──────── EXTRACTED ENTRIES ────────
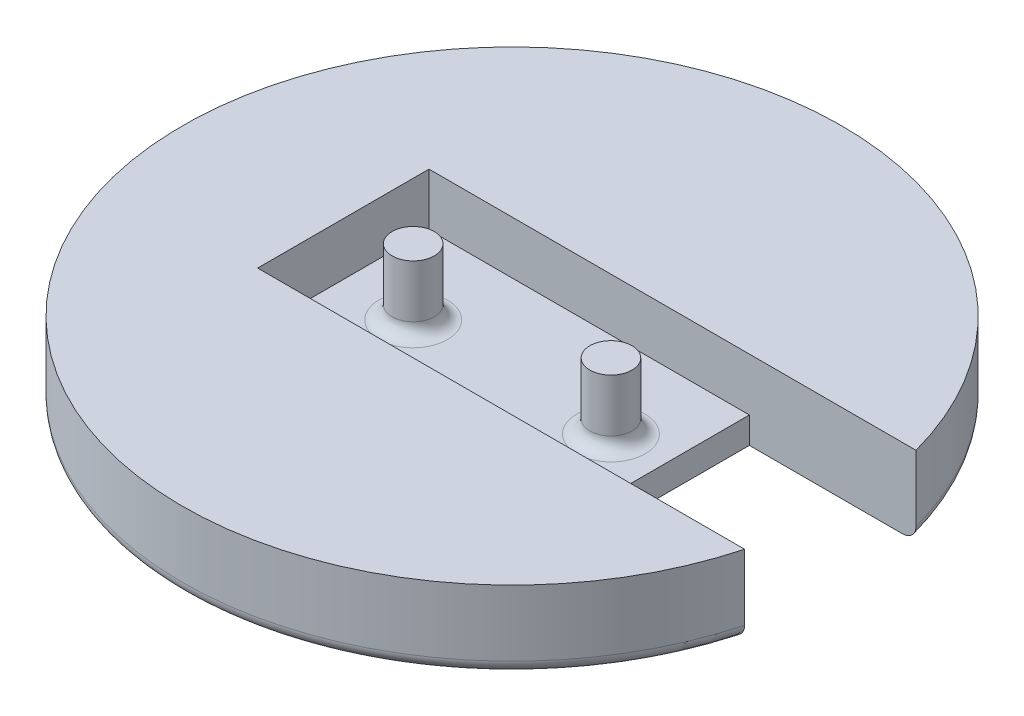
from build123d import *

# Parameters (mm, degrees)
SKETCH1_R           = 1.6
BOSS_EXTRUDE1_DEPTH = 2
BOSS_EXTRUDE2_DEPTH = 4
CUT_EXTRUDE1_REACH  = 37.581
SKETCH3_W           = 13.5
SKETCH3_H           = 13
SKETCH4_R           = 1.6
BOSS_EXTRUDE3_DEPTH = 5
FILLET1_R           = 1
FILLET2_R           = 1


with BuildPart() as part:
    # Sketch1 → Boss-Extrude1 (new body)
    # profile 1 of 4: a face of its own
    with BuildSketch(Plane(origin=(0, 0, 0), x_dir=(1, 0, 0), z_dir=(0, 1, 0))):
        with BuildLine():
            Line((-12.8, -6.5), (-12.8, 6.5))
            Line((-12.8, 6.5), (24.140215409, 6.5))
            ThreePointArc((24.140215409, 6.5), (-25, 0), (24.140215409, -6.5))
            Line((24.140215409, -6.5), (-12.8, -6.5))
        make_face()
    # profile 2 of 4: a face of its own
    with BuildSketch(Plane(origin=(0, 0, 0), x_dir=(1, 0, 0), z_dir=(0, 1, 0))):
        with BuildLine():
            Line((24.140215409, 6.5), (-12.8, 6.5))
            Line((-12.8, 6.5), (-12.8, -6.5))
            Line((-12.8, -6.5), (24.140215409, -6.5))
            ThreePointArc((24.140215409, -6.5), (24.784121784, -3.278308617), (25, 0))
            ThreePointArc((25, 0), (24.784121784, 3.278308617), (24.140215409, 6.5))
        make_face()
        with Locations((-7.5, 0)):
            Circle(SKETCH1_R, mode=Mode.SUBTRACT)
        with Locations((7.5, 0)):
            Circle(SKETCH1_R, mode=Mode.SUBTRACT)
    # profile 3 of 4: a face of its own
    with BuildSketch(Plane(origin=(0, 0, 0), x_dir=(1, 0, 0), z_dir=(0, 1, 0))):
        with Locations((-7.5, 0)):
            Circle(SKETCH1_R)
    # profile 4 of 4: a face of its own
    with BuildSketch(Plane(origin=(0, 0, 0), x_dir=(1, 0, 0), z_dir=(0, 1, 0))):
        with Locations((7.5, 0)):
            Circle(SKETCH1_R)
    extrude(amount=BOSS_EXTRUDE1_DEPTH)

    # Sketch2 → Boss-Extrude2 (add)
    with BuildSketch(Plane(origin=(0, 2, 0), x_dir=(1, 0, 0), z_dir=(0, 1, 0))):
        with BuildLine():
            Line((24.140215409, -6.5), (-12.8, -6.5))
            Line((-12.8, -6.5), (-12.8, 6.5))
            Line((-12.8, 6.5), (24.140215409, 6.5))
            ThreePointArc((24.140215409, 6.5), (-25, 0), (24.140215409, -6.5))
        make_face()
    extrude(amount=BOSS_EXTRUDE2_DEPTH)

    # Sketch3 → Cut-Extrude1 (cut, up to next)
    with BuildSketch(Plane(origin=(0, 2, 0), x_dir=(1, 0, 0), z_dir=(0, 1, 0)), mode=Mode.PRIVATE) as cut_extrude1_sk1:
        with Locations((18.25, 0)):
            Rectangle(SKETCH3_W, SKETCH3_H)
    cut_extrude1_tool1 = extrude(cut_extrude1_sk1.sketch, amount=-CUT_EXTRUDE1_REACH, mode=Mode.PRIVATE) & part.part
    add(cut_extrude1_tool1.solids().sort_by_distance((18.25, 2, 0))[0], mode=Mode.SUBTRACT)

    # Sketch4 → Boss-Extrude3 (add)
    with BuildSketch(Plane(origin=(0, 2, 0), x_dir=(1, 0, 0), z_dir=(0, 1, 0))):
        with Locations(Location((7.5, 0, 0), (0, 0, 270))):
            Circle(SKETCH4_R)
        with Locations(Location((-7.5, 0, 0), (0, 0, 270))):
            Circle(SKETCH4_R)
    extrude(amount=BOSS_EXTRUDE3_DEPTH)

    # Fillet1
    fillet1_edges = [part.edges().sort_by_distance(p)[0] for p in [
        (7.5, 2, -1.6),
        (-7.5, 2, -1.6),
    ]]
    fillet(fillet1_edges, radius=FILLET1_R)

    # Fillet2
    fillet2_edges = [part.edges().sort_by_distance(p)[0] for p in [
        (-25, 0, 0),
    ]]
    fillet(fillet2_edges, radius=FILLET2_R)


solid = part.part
────────
# TASK ITEM
Retype the records in full, exactly as given, and omit the pictures.

# EXERCISE ANSWER
from build123d import *

# Parameters (mm, degrees)
SKETCH1_R           = 1.6
BOSS_EXTRUDE1_DEPTH = 2
BOSS_EXTRUDE2_DEPTH = 4
CUT_EXTRUDE1_REACH  = 37.581
SKETCH3_W           = 13.5
SKETCH3_H           = 13
SKETCH4_R           = 1.6
BOSS_EXTRUDE3_DEPTH = 5
FILLET1_R           = 1
FILLET2_R           = 1


with BuildPart() as part:
    # Sketch1 → Boss-Extrude1 (new body)
    # profile 1 of 4: a face of its own
    with BuildSketch(Plane(origin=(0, 0, 0), x_dir=(1, 0, 0), z_dir=(0, 1, 0))):
        with BuildLine():
            Line((-12.8, -6.5), (-12.8, 6.5))
            Line((-12.8, 6.5), (24.140215409, 6.5))
            ThreePointArc((24.140215409, 6.5), (-25, 0), (24.140215409, -6.5))
            Line((24.140215409, -6.5), (-12.8, -6.5))
        make_face()
    # profile 2 of 4: a face of its own
    with BuildSketch(Plane(origin=(0, 0, 0), x_dir=(1, 0, 0), z_dir=(0, 1, 0))):
        with BuildLine():
            Line((24.140215409, 6.5), (-12.8, 6.5))
            Line((-12.8, 6.5), (-12.8, -6.5))
            Line((-12.8, -6.5), (24.140215409, -6.5))
            ThreePointArc((24.140215409, -6.5), (24.784121784, -3.278308617), (25, 0))
            ThreePointArc((25, 0), (24.784121784, 3.278308617), (24.140215409, 6.5))
        make_face()
        with Locations((-7.5, 0)):
            Circle(SKETCH1_R, mode=Mode.SUBTRACT)
        with Locations((7.5, 0)):
            Circle(SKETCH1_R, mode=Mode.SUBTRACT)
    # profile 3 of 4: a face of its own
    with BuildSketch(Plane(origin=(0, 0, 0), x_dir=(1, 0, 0), z_dir=(0, 1, 0))):
        with Locations((-7.5, 0)):
            Circle(SKETCH1_R)
    # profile 4 of 4: a face of its own
    with BuildSketch(Plane(origin=(0, 0, 0), x_dir=(1, 0, 0), z_dir=(0, 1, 0))):
        with Locations((7.5, 0)):
            Circle(SKETCH1_R)
    extrude(amount=BOSS_EXTRUDE1_DEPTH)

    # Sketch2 → Boss-Extrude2 (add)
    with BuildSketch(Plane(origin=(0, 2, 0), x_dir=(1, 0, 0), z_dir=(0, 1, 0))):
        with BuildLine():
            Line((24.140215409, -6.5), (-12.8, -6.5))
            Line((-12.8, -6.5), (-12.8, 6.5))
            Line((-12.8, 6.5), (24.140215409, 6.5))
            ThreePointArc((24.140215409, 6.5), (-25, 0), (24.140215409, -6.5))
        make_face()
    extrude(amount=BOSS_EXTRUDE2_DEPTH)

    # Sketch3 → Cut-Extrude1 (cut, up to next)
    with BuildSketch(Plane(origin=(0, 2, 0), x_dir=(1, 0, 0), z_dir=(0, 1, 0)), mode=Mode.PRIVATE) as cut_extrude1_sk1:
        with Locations((18.25, 0)):
            Rectangle(SKETCH3_W, SKETCH3_H)
    cut_extrude1_tool1 = extrude(cut_extrude1_sk1.sketch, amount=-CUT_EXTRUDE1_REACH, mode=Mode.PRIVATE) & part.part
    add(cut_extrude1_tool1.solids().sort_by_distance((18.25, 2, 0))[0], mode=Mode.SUBTRACT)

    # Sketch4 → Boss-Extrude3 (add)
    with BuildSketch(Plane(origin=(0, 2, 0), x_dir=(1, 0, 0), z_dir=(0, 1, 0))):
        with Locations(Location((7.5, 0, 0), (0, 0, 270))):
            Circle(SKETCH4_R)
        with Locations(Location((-7.5, 0, 0), (0, 0, 270))):
            Circle(SKETCH4_R)
    extrude(amount=BOSS_EXTRUDE3_DEPTH)

    # Fillet1
    fillet1_edges = [part.edges().sort_by_distance(p)[0] for p in [
        (7.5, 2, -1.6),
        (-7.5, 2, -1.6),
    ]]
    fillet(fillet1_edges, radius=FILLET1_R)

    # Fillet2
    fillet2_edges = [part.edges().sort_by_distance(p)[0] for p in [
        (-25, 0, 0),
    ]]
    fillet(fillet2_edges, radius=FILLET2_R)


solid = part.part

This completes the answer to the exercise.